The above is a basic use case. However there are other features available that may not be required by most use cases.

Timeouts

When getting a task the auto target state is swapped with the current state, e.g. the current state becomes "submitted-working" by default. When getting a task, you can set also timeout. When a task times out the current and auto target states are swapped back so they can get picked up again.

You may want a task to timeout after being submitted. In this case, as an example, you can submit a task with a timeout and a "dead" state as it's auto target state. When getting a task you can then override the current and auto target states to move the task forward to state "B" with auto target "dead B".

A timeout does not happen automatically. You control when your timeout checks happen, using a CleanUpTimedOutRequest. It uses at_time to compare tasks against to see if they're timed out, and optionaly a queue to limit which tasks this affects. This has the added benefit of letting you time out tasks early or late in testing and such.

Corndogs does provide some helper utilities for timeouts. There is a timeout command provided in the cli that will send a request at the current time using the address, port, and optional queue flags. There is also a simple cronjob provided by the corndogs chart.

Priority

A priority can be set when submitting a task and when updating a task. You must specify the priority in both or it will default to 0. You can use a positive value to make sure it is prioritized by a GetNextTask request, or negative to make sure it is deprioritized.

State and Timeout overrides

When using GetNextTask you can use the override fields to change what you get back. The current override fields are override_current_state, override_auto_target_state, and override_timeout. The timeout is pretty simple, it follows the same rules. The state overrides will override what you get back after the states are switched.

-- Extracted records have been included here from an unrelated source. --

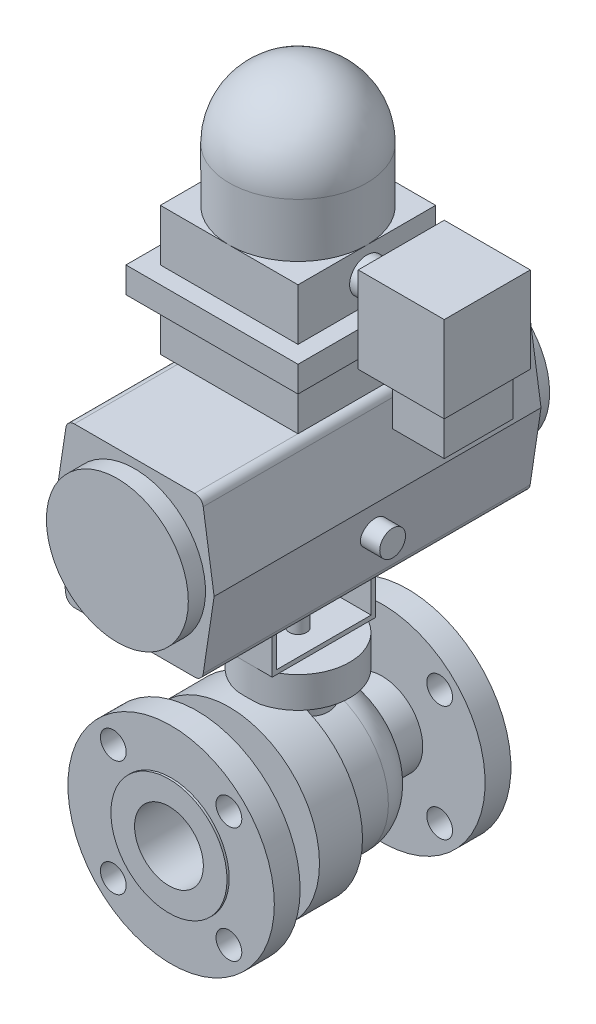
ISO-10303-21;
HEADER;
FILE_DESCRIPTION(('STEP AP214'),'2;1');
FILE_NAME('part.step','',(''),(''),'','','');
FILE_SCHEMA(('AUTOMOTIVE_DESIGN { 1 0 10303 214 1 1 1 1 }'));
ENDSEC;
DATA;
#1=APPLICATION_CONTEXT('core data for automotive mechanical design processes');
#2=APPLICATION_PROTOCOL_DEFINITION('international standard','automotive_design',2000,#1);
#3=PRODUCT_CONTEXT('',#1,'mechanical');
#4=PRODUCT('Part','Part','',(#3));
#5=PRODUCT_RELATED_PRODUCT_CATEGORY('part','',(#4));
#6=PRODUCT_DEFINITION_FORMATION('','',#4);
#7=PRODUCT_DEFINITION_CONTEXT('part definition',#1,'design');
#8=PRODUCT_DEFINITION('design','',#6,#7);
#9=PRODUCT_DEFINITION_SHAPE('','',#8);
#10=(LENGTH_UNIT() NAMED_UNIT(*) SI_UNIT(.MILLI.,.METRE.));
#11=(NAMED_UNIT(*) PLANE_ANGLE_UNIT() SI_UNIT($,.RADIAN.));
#12=(NAMED_UNIT(*) SI_UNIT($,.STERADIAN.) SOLID_ANGLE_UNIT());
#13=UNCERTAINTY_MEASURE_WITH_UNIT(LENGTH_MEASURE(1.E-05),#10,'distance_accuracy_value','');
#14=(GEOMETRIC_REPRESENTATION_CONTEXT(3) GLOBAL_UNCERTAINTY_ASSIGNED_CONTEXT((#13)) GLOBAL_UNIT_ASSIGNED_CONTEXT((#10,
#11,#12)) REPRESENTATION_CONTEXT('',''));
#15=CARTESIAN_POINT('',(0.,0.,0.));
#16=DIRECTION('',(0.,0.,1.));
#17=DIRECTION('',(1.,0.,0.));
#18=AXIS2_PLACEMENT_3D('',#15,#16,#17);
#19=CARTESIAN_POINT('',(0.,-135.5725,0.));
#20=DIRECTION('',(0.,-1.,0.));
#21=DIRECTION('',(0.,0.,-1.));
#22=AXIS2_PLACEMENT_3D('',#19,#20,#21);
#23=PLANE('',#22);
#24=DIRECTION('',(0.,0.,1.));
#25=VECTOR('',#24,1.);
#26=CARTESIAN_POINT('',(9.18008850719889,-135.5725,19.0500000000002));
#27=LINE('',#26,#25);
#28=CARTESIAN_POINT('',(9.18008850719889,-135.5725,36.9775063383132));
#29=VERTEX_POINT('',#28);
#30=CARTESIAN_POINT('',(9.18008850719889,-135.5725,20.2404693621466));
#31=VERTEX_POINT('',#30);
#32=EDGE_CURVE('E378',#29,#31,#27,.F.);
#33=ORIENTED_EDGE('',*,*,#32,.T.);
#34=CARTESIAN_POINT('',(0.,-135.5725,0.));
#35=DIRECTION('',(0.,-1.,0.));
#36=DIRECTION('',(0.,0.,-1.));
#37=AXIS2_PLACEMENT_3D('',#34,#35,#36);
#38=CIRCLE('',#37,22.225);
#39=CARTESIAN_POINT('',(-9.18008850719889,-135.5725,20.2404693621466));
#40=VERTEX_POINT('',#39);
#41=EDGE_CURVE('E366',#40,#31,#38,.T.);
#42=ORIENTED_EDGE('',*,*,#41,.F.);
#43=DIRECTION('',(0.,0.,1.));
#44=VECTOR('',#43,1.);
#45=CARTESIAN_POINT('',(-9.18008850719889,-135.5725,19.0500000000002));
#46=LINE('',#45,#44);
#47=CARTESIAN_POINT('',(-9.18008850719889,-135.5725,36.9775063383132));
#48=VERTEX_POINT('',#47);
#49=EDGE_CURVE('E385',#40,#48,#46,.T.);
#50=ORIENTED_EDGE('',*,*,#49,.T.);
#51=CARTESIAN_POINT('',(0.,-135.5725,0.));
#52=DIRECTION('',(0.,-1.,0.));
#53=DIRECTION('',(0.,0.,-1.));
#54=AXIS2_PLACEMENT_3D('',#51,#52,#53);
#55=CIRCLE('',#54,38.1);
#56=EDGE_CURVE('E383',#48,#29,#55,.T.);
#57=ORIENTED_EDGE('',*,*,#56,.T.);
#58=EDGE_LOOP('',(#33,#42,#50,#57));
#59=FACE_BOUND('',#58,.T.);
#60=ADVANCED_FACE('F33',(#59),#23,.T.);
#61=CARTESIAN_POINT('',(0.,-201.6125,-12.7496579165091));
#62=DIRECTION('',(0.,0.,-1.));
#63=DIRECTION('',(-1.,0.,0.));
#64=AXIS2_PLACEMENT_3D('',#61,#62,#63);
#65=TOROIDAL_SURFACE('',#64,28.575,25.4);
#66=CARTESIAN_POINT('',(0.,-201.6125,-38.0999999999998));
#67=DIRECTION('',(0.,0.,-1.));
#68=DIRECTION('',(-1.,0.,0.));
#69=AXIS2_PLACEMENT_3D('',#66,#67,#68);
#70=CIRCLE('',#69,30.1625);
#71=CARTESIAN_POINT('',(-30.1625,-201.6125,-38.0999999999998));
#72=VERTEX_POINT('',#71);
#73=EDGE_CURVE('E392',#72,#72,#70,.F.);
#74=ORIENTED_EDGE('',*,*,#73,.T.);
#75=EDGE_LOOP('',(#74));
#76=FACE_BOUND('',#75,.T.);
#77=CARTESIAN_POINT('',(0.,-201.6125,-12.7496579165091));
#78=DIRECTION('',(0.,0.,-1.));
#79=DIRECTION('',(-1.,0.,0.));
#80=AXIS2_PLACEMENT_3D('',#77,#78,#79);
#81=CIRCLE('',#80,53.975);
#82=CARTESIAN_POINT('',(-18.2043085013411,-150.800062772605,-12.7496579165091));
#83=VERTEX_POINT('',#82);
#84=CARTESIAN_POINT('',(18.2043085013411,-150.800062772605,-12.7496579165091));
#85=VERTEX_POINT('',#84);
#86=EDGE_CURVE('E395',#83,#85,#81,.F.);
#87=ORIENTED_EDGE('',*,*,#86,.F.);
#88=CARTESIAN_POINT('',(-18.2044485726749,-150.80011295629,-12.7494579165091));
#89=CARTESIAN_POINT('',(-18.035131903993,-150.739448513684,-12.9912225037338));
#90=CARTESIAN_POINT('',(-17.8606884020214,-150.681573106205,-13.2300476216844));
#91=CARTESIAN_POINT('',(-17.5017813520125,-150.571176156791,-13.701313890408));
#92=CARTESIAN_POINT('',(-17.3173179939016,-150.518654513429,-13.9337551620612));
#93=CARTESIAN_POINT('',(-16.7494157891,-150.368827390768,-14.6205450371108));
#94=CARTESIAN_POINT('',(-16.3513059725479,-150.279203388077,-15.064586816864));
#95=CARTESIAN_POINT('',(-15.5198141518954,-150.118750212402,-15.9198318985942));
#96=CARTESIAN_POINT('',(-15.086514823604,-150.04787856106,-16.3311079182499));
#97=CARTESIAN_POINT('',(-14.1868143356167,-149.922487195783,-17.1184765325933));
#98=CARTESIAN_POINT('',(-13.7204123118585,-149.86796790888,-17.4945682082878));
#99=CARTESIAN_POINT('',(-12.7579573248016,-149.773001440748,-18.2083510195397));
#100=CARTESIAN_POINT('',(-12.2619119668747,-149.732550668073,-18.5460519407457));
#101=CARTESIAN_POINT('',(-11.2435470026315,-149.663331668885,-19.1805421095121));
#102=CARTESIAN_POINT('',(-10.7212272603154,-149.634563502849,-19.4773311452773));
#103=CARTESIAN_POINT('',(-9.65382537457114,-149.586353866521,-20.0278549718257));
#104=CARTESIAN_POINT('',(-9.10873832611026,-149.56691441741,-20.2815804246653));
#105=CARTESIAN_POINT('',(-7.99962713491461,-149.535133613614,-20.7440985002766));
#106=CARTESIAN_POINT('',(-7.43560276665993,-149.522792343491,-20.9528905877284));
#107=CARTESIAN_POINT('',(-6.28006439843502,-149.502976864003,-21.3281115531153));
#108=CARTESIAN_POINT('',(-5.68821982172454,-149.495613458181,-21.4935287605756));
#109=CARTESIAN_POINT('',(-4.49283459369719,-149.484384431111,-21.7748041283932));
#110=CARTESIAN_POINT('',(-3.88929378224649,-149.480518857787,-21.8906616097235));
#111=CARTESIAN_POINT('',(-2.67456844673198,-149.474946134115,-22.0720295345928));
#112=CARTESIAN_POINT('',(-2.06338251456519,-149.473239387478,-22.1375305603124));
#113=CARTESIAN_POINT('',(-0.837683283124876,-149.471198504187,-22.2176981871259));
#114=CARTESIAN_POINT('',(-0.22316996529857,-149.470864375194,-22.2323645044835));
#115=CARTESIAN_POINT('',(1.01480300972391,-149.471392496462,-22.210586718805));
#116=CARTESIAN_POINT('',(1.63824835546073,-149.472273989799,-22.1733204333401));
#117=CARTESIAN_POINT('',(2.87979692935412,-149.475734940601,-22.0464688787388));
#118=CARTESIAN_POINT('',(3.49790007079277,-149.478314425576,-21.9568827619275));
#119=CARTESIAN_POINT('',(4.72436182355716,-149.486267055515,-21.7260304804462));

A task with current_state: A and auto_target_state: B
gotten with override_auto_target_state: C
will return with current_state: B and auto_target_state: C

Supported datastores

Current targets are Postgres and room for others unplanned. The design is such that Corndogs should not know where it's storing things except in the Store implementation, it just gets pointed to a URL and picks up where it needs to. This is Cloud Native.

Metrics and such

Aside from logs and Prometheus metrics, a few initial endpoints are provided that allow intelligence around operation of or working against tasks. Theres some overlap between these endpoints, but they allow for some flexibility for different use cases.

  • GetQueues will list all queues and the total tasks in the system.
  • GetQueueTaskCounts will return the amount of tasks in each queue, along with the total tasks in the system.
  • GetTaskStateCounts returns tasks per state for the requested queue, and the total tasks in the queue.
  • GetQueueAndStateCounts returns all queues, their tasks per state, and the total tasks in each queue.

API docs

APIDOCS.md has more granular descriptions and helpful links.